Monday, March 4, 2013

King TUT

There's lots of ways to make an exercise worse; coming up with new variations happens all the time. Today I want to show you all a variation that my buddy Dan and I came up with about a year ago in the middle of a hard training session.

We were in the midst of a hypertrophy phase (don't judge) and wanted a way to make the high-rep finishing set of any exercise as brutally miserable as possible. Honestly, the exercise we were doing when we came up with this was the leg press, I'll admit it. But, hey, it was the finisher on a day where we did 10x3 snatch grip deadlifts from a deficit, so beat it.

First, we tried paused reps. Those suck.

Then we increase our Time Under Tension (TUT) by adding in a 3 second eccentric. That also sucked.

We also tried the Ben Bruno special of 1.5 reps where you add in a half-rep after every full rep. More total suckage.

We then had the epiphany to add them all together and King TUT was born!

The beauty of this exercise is in the sheer misery of it. A high rep set with this scheme can last upwards of a minute, and it takes some serious guts to get all the way through a set of these. It's a 3-5 second eccentric (lowering), pause, half-rep concentric (up), pause, back down, pause, explode up. Let's take a look.

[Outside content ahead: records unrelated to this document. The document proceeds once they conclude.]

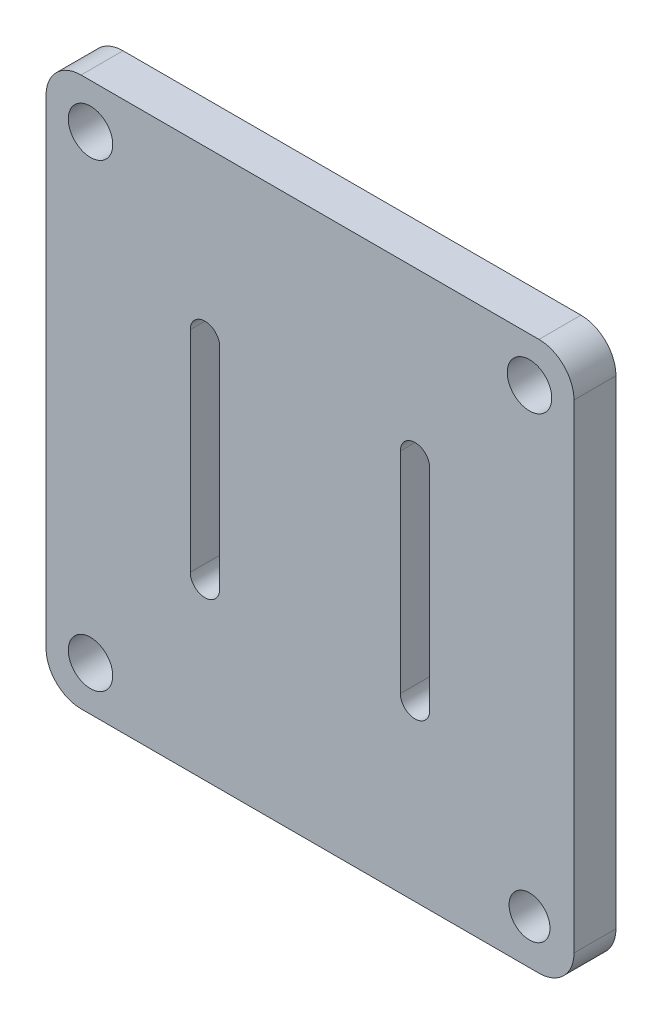
ISO-10303-21;
HEADER;
FILE_DESCRIPTION(('STEP AP214'),'2;1');
FILE_NAME('part.step','',(''),(''),'','','');
FILE_SCHEMA(('AUTOMOTIVE_DESIGN { 1 0 10303 214 1 1 1 1 }'));
ENDSEC;
DATA;
#1=APPLICATION_CONTEXT('core data for automotive mechanical design processes');
#2=APPLICATION_PROTOCOL_DEFINITION('international standard','automotive_design',2000,#1);
#3=PRODUCT_CONTEXT('',#1,'mechanical');
#4=PRODUCT('Part','Part','',(#3));
#5=PRODUCT_RELATED_PRODUCT_CATEGORY('part','',(#4));
#6=PRODUCT_DEFINITION_FORMATION('','',#4);
#7=PRODUCT_DEFINITION_CONTEXT('part definition',#1,'design');
#8=PRODUCT_DEFINITION('design','',#6,#7);
#9=PRODUCT_DEFINITION_SHAPE('','',#8);
#10=(LENGTH_UNIT() NAMED_UNIT(*) SI_UNIT(.MILLI.,.METRE.));
#11=(NAMED_UNIT(*) PLANE_ANGLE_UNIT() SI_UNIT($,.RADIAN.));
#12=(NAMED_UNIT(*) SI_UNIT($,.STERADIAN.) SOLID_ANGLE_UNIT());
#13=UNCERTAINTY_MEASURE_WITH_UNIT(LENGTH_MEASURE(1.E-05),#10,'distance_accuracy_value','');
#14=(GEOMETRIC_REPRESENTATION_CONTEXT(3) GLOBAL_UNCERTAINTY_ASSIGNED_CONTEXT((#13)) GLOBAL_UNIT_ASSIGNED_CONTEXT((#10,
#11,#12)) REPRESENTATION_CONTEXT('',''));
#15=CARTESIAN_POINT('',(0.,0.,0.));
#16=DIRECTION('',(0.,0.,1.));
#17=DIRECTION('',(1.,0.,0.));
#18=AXIS2_PLACEMENT_3D('',#15,#16,#17);
#19=CARTESIAN_POINT('',(-566.61706408043,0.,5.9944));
#20=DIRECTION('',(-1.,0.,0.));
#21=DIRECTION('',(0.,0.,1.));
#22=AXIS2_PLACEMENT_3D('',#19,#20,#21);
#23=PLANE('',#22);
#24=DIRECTION('',(0.,1.,0.));
#25=VECTOR('',#24,1.);
#26=CARTESIAN_POINT('',(-566.61706408043,0.,0.));
#27=LINE('',#26,#25);
#28=CARTESIAN_POINT('',(-566.61706408043,610.968899583057,0.));
#29=VERTEX_POINT('',#28);
#30=CARTESIAN_POINT('',(-566.61706408043,679.368899583057,0.));
#31=VERTEX_POINT('',#30);
#32=EDGE_CURVE('E217',#29,#31,#27,.T.);
#33=ORIENTED_EDGE('',*,*,#32,.T.);
#34=DIRECTION('',(0.,0.,-1.));
#35=VECTOR('',#34,1.);
#36=CARTESIAN_POINT('',(-566.61706408043,679.368899583057,5.9944));
#37=LINE('',#36,#35);
#38=CARTESIAN_POINT('',(-566.61706408043,679.368899583057,5.9944));
#39=VERTEX_POINT('',#38);
#40=EDGE_CURVE('E11',#39,#31,#37,.T.);
#41=ORIENTED_EDGE('',*,*,#40,.F.);
#42=DIRECTION('',(0.,1.,0.));
#43=VECTOR('',#42,1.);
#44=CARTESIAN_POINT('',(-566.61706408043,0.,5.9944));
#45=LINE('',#44,#43);
#46=CARTESIAN_POINT('',(-566.61706408043,610.968899583057,5.9944));
#47=VERTEX_POINT('',#46);
#48=EDGE_CURVE('E306',#47,#39,#45,.T.);
#49=ORIENTED_EDGE('',*,*,#48,.F.);
#50=DIRECTION('',(0.,0.,-1.));
#51=VECTOR('',#50,1.);
#52=CARTESIAN_POINT('',(-566.61706408043,610.968899583057,5.9944));
#53=LINE('',#52,#51);
#54=EDGE_CURVE('E232',#47,#29,#53,.T.);
#55=ORIENTED_EDGE('',*,*,#54,.T.);
#56=EDGE_LOOP('',(#33,#41,#49,#55));
#57=FACE_BOUND('',#56,.T.);
#58=ADVANCED_FACE('F33',(#57),#23,.F.);
#59=CARTESIAN_POINT('',(-571.61706408043,679.368899583057,5.9944));
#60=DIRECTION('',(0.,0.,-1.));
#61=DIRECTION('',(-1.,0.,0.));
#62=AXIS2_PLACEMENT_3D('',#59,#60,#61);
#63=CYLINDRICAL_SURFACE('',#62,5.);
#64=CARTESIAN_POINT('',(-571.61706408043,679.368899583057,0.));
#65=DIRECTION('',(0.,0.,1.));
#66=DIRECTION('',(1.,0.,0.));
#67=AXIS2_PLACEMENT_3D('',#64,#65,#66);
#68=CIRCLE('',#67,5.);
#69=CARTESIAN_POINT('',(-571.61706408043,684.368899583057,0.));
#70=VERTEX_POINT('',#69);
#71=EDGE_CURVE('E220',#31,#70,#68,.T.);
#72=ORIENTED_EDGE('',*,*,#71,.T.);
#73=DIRECTION('',(0.,0.,-1.));
#74=VECTOR('',#73,1.);
#75=CARTESIAN_POINT('',(-571.61706408043,684.368899583057,5.9944));
#76=LINE('',#75,#74);
#77=CARTESIAN_POINT('',(-571.61706408043,684.368899583057,5.9944));
#78=VERTEX_POINT('',#77);
#79=EDGE_CURVE('E43',#78,#70,#76,.T.);
#80=ORIENTED_EDGE('',*,*,#79,.F.);
#81=CARTESIAN_POINT('',(-571.61706408043,679.368899583057,5.9944));
#82=DIRECTION('',(0.,0.,1.));
#83=DIRECTION('',(1.,0.,0.));
#84=AXIS2_PLACEMENT_3D('',#81,#82,#83);
#85=CIRCLE('',#84,5.);
#86=EDGE_CURVE('E308',#39,#78,#85,.T.);
#87=ORIENTED_EDGE('',*,*,#86,.F.);
#88=ORIENTED_EDGE('',*,*,#40,.T.);
#89=EDGE_LOOP('',(#72,#80,#87,#88));
#90=FACE_BOUND('',#89,.T.);
#91=ADVANCED_FACE('F342',(#90),#63,.T.);
#92=CARTESIAN_POINT('',(0.,684.368899583057,5.9944));
#93=DIRECTION('',(0.,-1.,0.));
#94=DIRECTION('',(0.,0.,-1.));
#95=AXIS2_PLACEMENT_3D('',#92,#93,#94);
#96=PLANE('',#95);
#97=DIRECTION('',(-1.,0.,0.));
#98=VECTOR('',#97,1.);
#99=CARTESIAN_POINT('',(0.,684.368899583057,0.));
#100=LINE('',#99,#98);
#101=CARTESIAN_POINT('',(-637.017064080431,684.368899583057,0.));
#102=VERTEX_POINT('',#101);
#103=EDGE_CURVE('E222',#70,#102,#100,.T.);
#104=ORIENTED_EDGE('',*,*,#103,.T.);
#105=DIRECTION('',(0.,0.,-1.));
#106=VECTOR('',#105,1.);
#107=CARTESIAN_POINT('',(-637.017064080431,684.368899583057,5.9944));
#108=LINE('',#107,#106);
#109=CARTESIAN_POINT('',(-637.017064080431,684.368899583057,5.9944));
#110=VERTEX_POINT('',#109);
#111=EDGE_CURVE('E240',#110,#102,#108,.T.);
#112=ORIENTED_EDGE('',*,*,#111,.F.);
#113=DIRECTION('',(-1.,0.,0.));
#114=VECTOR('',#113,1.);
#115=CARTESIAN_POINT('',(0.,684.368899583057,5.9944));
#116=LINE('',#115,#114);
#117=EDGE_CURVE('E310',#78,#110,#116,.T.);
#118=ORIENTED_EDGE('',*,*,#117,.F.);
#119=ORIENTED_EDGE('',*,*,#79,.T.);
#120=EDGE_LOOP('',(#104,#112,#118,#119));
#121=FACE_BOUND('',#120,.T.);
#122=ADVANCED_FACE('F347',(#121),#96,.F.);
#123=CARTESIAN_POINT('',(-637.017064080431,679.368899583057,5.9944));
#124=DIRECTION('',(0.,0.,-1.));
#125=DIRECTION('',(-1.,0.,0.));
#126=AXIS2_PLACEMENT_3D('',#123,#124,#125);
#127=CYLINDRICAL_SURFACE('',#126,5.);
#128=CARTESIAN_POINT('',(-637.017064080431,679.368899583057,0.));
#129=DIRECTION('',(0.,0.,1.));
#130=DIRECTION('',(1.,0.,0.));
#131=AXIS2_PLACEMENT_3D('',#128,#129,#130);
#132=CIRCLE('',#131,5.);
#133=CARTESIAN_POINT('',(-642.017064080431,679.368899583057,0.));
#134=VERTEX_POINT('',#133);
#135=EDGE_CURVE('E224',#102,#134,#132,.T.);
#136=ORIENTED_EDGE('',*,*,#135,.T.);
#137=DIRECTION('',(0.,0.,-1.));
#138=VECTOR('',#137,1.);
#139=CARTESIAN_POINT('',(-642.017064080431,679.368899583057,5.9944));
#140=LINE('',#139,#138);
#141=CARTESIAN_POINT('',(-642.017064080431,679.368899583057,5.9944));
#142=VERTEX_POINT('',#141);
#143=EDGE_CURVE('E237',#142,#134,#140,.T.);
#144=ORIENTED_EDGE('',*,*,#143,.F.);
#145=CARTESIAN_POINT('',(-637.017064080431,679.368899583057,5.9944));
#146=DIRECTION('',(0.,0.,1.));
#147=DIRECTION('',(1.,0.,0.));
#148=AXIS2_PLACEMENT_3D('',#145,#146,#147);
#149=CIRCLE('',#148,5.);
#150=EDGE_CURVE('E312',#110,#142,#149,.T.);
#151=ORIENTED_EDGE('',*,*,#150,.F.);
#152=ORIENTED_EDGE('',*,*,#111,.T.);
#153=EDGE_LOOP('',(#136,#144,#151,#152));
#154=FACE_BOUND('',#153,.T.);
#155=ADVANCED_FACE('F318',(#154),#127,.T.);
#156=CARTESIAN_POINT('',(-642.017064080431,0.,5.9944));
#157=DIRECTION('',(1.,0.,0.));
#158=DIRECTION('',(0.,0.,-1.));
#159=AXIS2_PLACEMENT_3D('',#156,#157,#158);
#160=PLANE('',#159);
#161=DIRECTION('',(0.,-1.,0.));
#162=VECTOR('',#161,1.);
#163=CARTESIAN_POINT('',(-642.017064080431,0.,0.));
#164=LINE('',#163,#162);
#165=CARTESIAN_POINT('',(-642.017064080431,610.968899583057,0.));
#166=VERTEX_POINT('',#165);
#167=EDGE_CURVE('E226',#134,#166,#164,.T.);
#168=ORIENTED_EDGE('',*,*,#167,.T.);
#169=DIRECTION('',(0.,0.,-1.));
#170=VECTOR('',#169,1.);
#171=CARTESIAN_POINT('',(-642.017064080431,610.968899583057,5.9944));
#172=LINE('',#171,#170);
#173=CARTESIAN_POINT('',(-642.017064080431,610.968899583057,5.9944));
#174=VERTEX_POINT('',#173);
#175=EDGE_CURVE('E172',#174,#166,#172,.T.);
#176=ORIENTED_EDGE('',*,*,#175,.F.);
#177=DIRECTION('',(0.,-1.,0.));
#178=VECTOR('',#177,1.);
#179=CARTESIAN_POINT('',(-642.017064080431,0.,5.9944));
#180=LINE('',#179,#178);
#181=EDGE_CURVE('E163',#142,#174,#180,.T.);
#182=ORIENTED_EDGE('',*,*,#181,.F.);
#183=ORIENTED_EDGE('',*,*,#143,.T.);
#184=EDGE_LOOP('',(#168,#176,#182,#183));
#185=FACE_BOUND('',#184,.T.);
#186=ADVANCED_FACE('F322',(#185),#160,.F.);
#187=CARTESIAN_POINT('',(-637.017064080431,610.968899583057,5.9944));
#188=DIRECTION('',(0.,0.,-1.));
#189=DIRECTION('',(-1.,0.,0.));
#190=AXIS2_PLACEMENT_3D('',#187,#188,#189);
#191=CYLINDRICAL_SURFACE('',#190,5.);
#192=CARTESIAN_POINT('',(-637.017064080431,610.968899583057,0.));
#193=DIRECTION('',(0.,0.,1.));
#194=DIRECTION('',(1.,0.,0.));
#195=AXIS2_PLACEMENT_3D('',#192,#193,#194);
#196=CIRCLE('',#195,5.);
#197=CARTESIAN_POINT('',(-637.017064080431,605.968899583057,0.));
#198=VERTEX_POINT('',#197);
#199=EDGE_CURVE('E171',#166,#198,#196,.T.);
#200=ORIENTED_EDGE('',*,*,#199,.T.);
#201=DIRECTION('',(0.,0.,-1.));
#202=VECTOR('',#201,1.);
#203=CARTESIAN_POINT('',(-637.017064080431,605.968899583057,5.9944));
#204=LINE('',#203,#202);
#205=CARTESIAN_POINT('',(-637.017064080431,605.968899583057,5.9944));
#206=VERTEX_POINT('',#205);
#207=EDGE_CURVE('E168',#206,#198,#204,.T.);
#208=ORIENTED_EDGE('',*,*,#207,.F.);
#209=CARTESIAN_POINT('',(-637.017064080431,610.968899583057,5.9944));
#210=DIRECTION('',(0.,0.,1.));
#211=DIRECTION('',(1.,0.,0.));
#212=AXIS2_PLACEMENT_3D('',#209,#210,#211);
#213=CIRCLE('',#212,5.);
#214=EDGE_CURVE('E157',#174,#206,#213,.T.);
#215=ORIENTED_EDGE('',*,*,#214,.F.);
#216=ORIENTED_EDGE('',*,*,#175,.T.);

The exercise I usually introduce this to people with is the goblet squat, but the possibilities are really endless as to what you can do it with. I personally don't find rowing (other than a TRX row) or deadlift variations to be particularly effective with most clients; you could get away with an RDL or TBDL with a more advanced athlete though. The eccentric stress is harder to control and provides an increased risk to the lumbar spine, and I don't think it's worth the limited weight you'd have to use for it. But that's my personal opinion.

Why the goblet squat first? Well, aside from being brutal, I think the King TUT is a great way to teach someone how to really control their body during a squat (any lift) and to feel the different positions. It allows them to strengthen several positions of the exercise while reinforcing the proper way to create and maintain tension during the lift. You can load it minimally for a new athlete/client or go pretty heavy with it for a more experienced lifter. It can be either the main lift for day or act as a finisher and leave someone sucking some serious wind.

Here are some other exercises you can use King TUT with:

Give it a shot and let me know what you think!

Have a great day, and go lift some heavy shit!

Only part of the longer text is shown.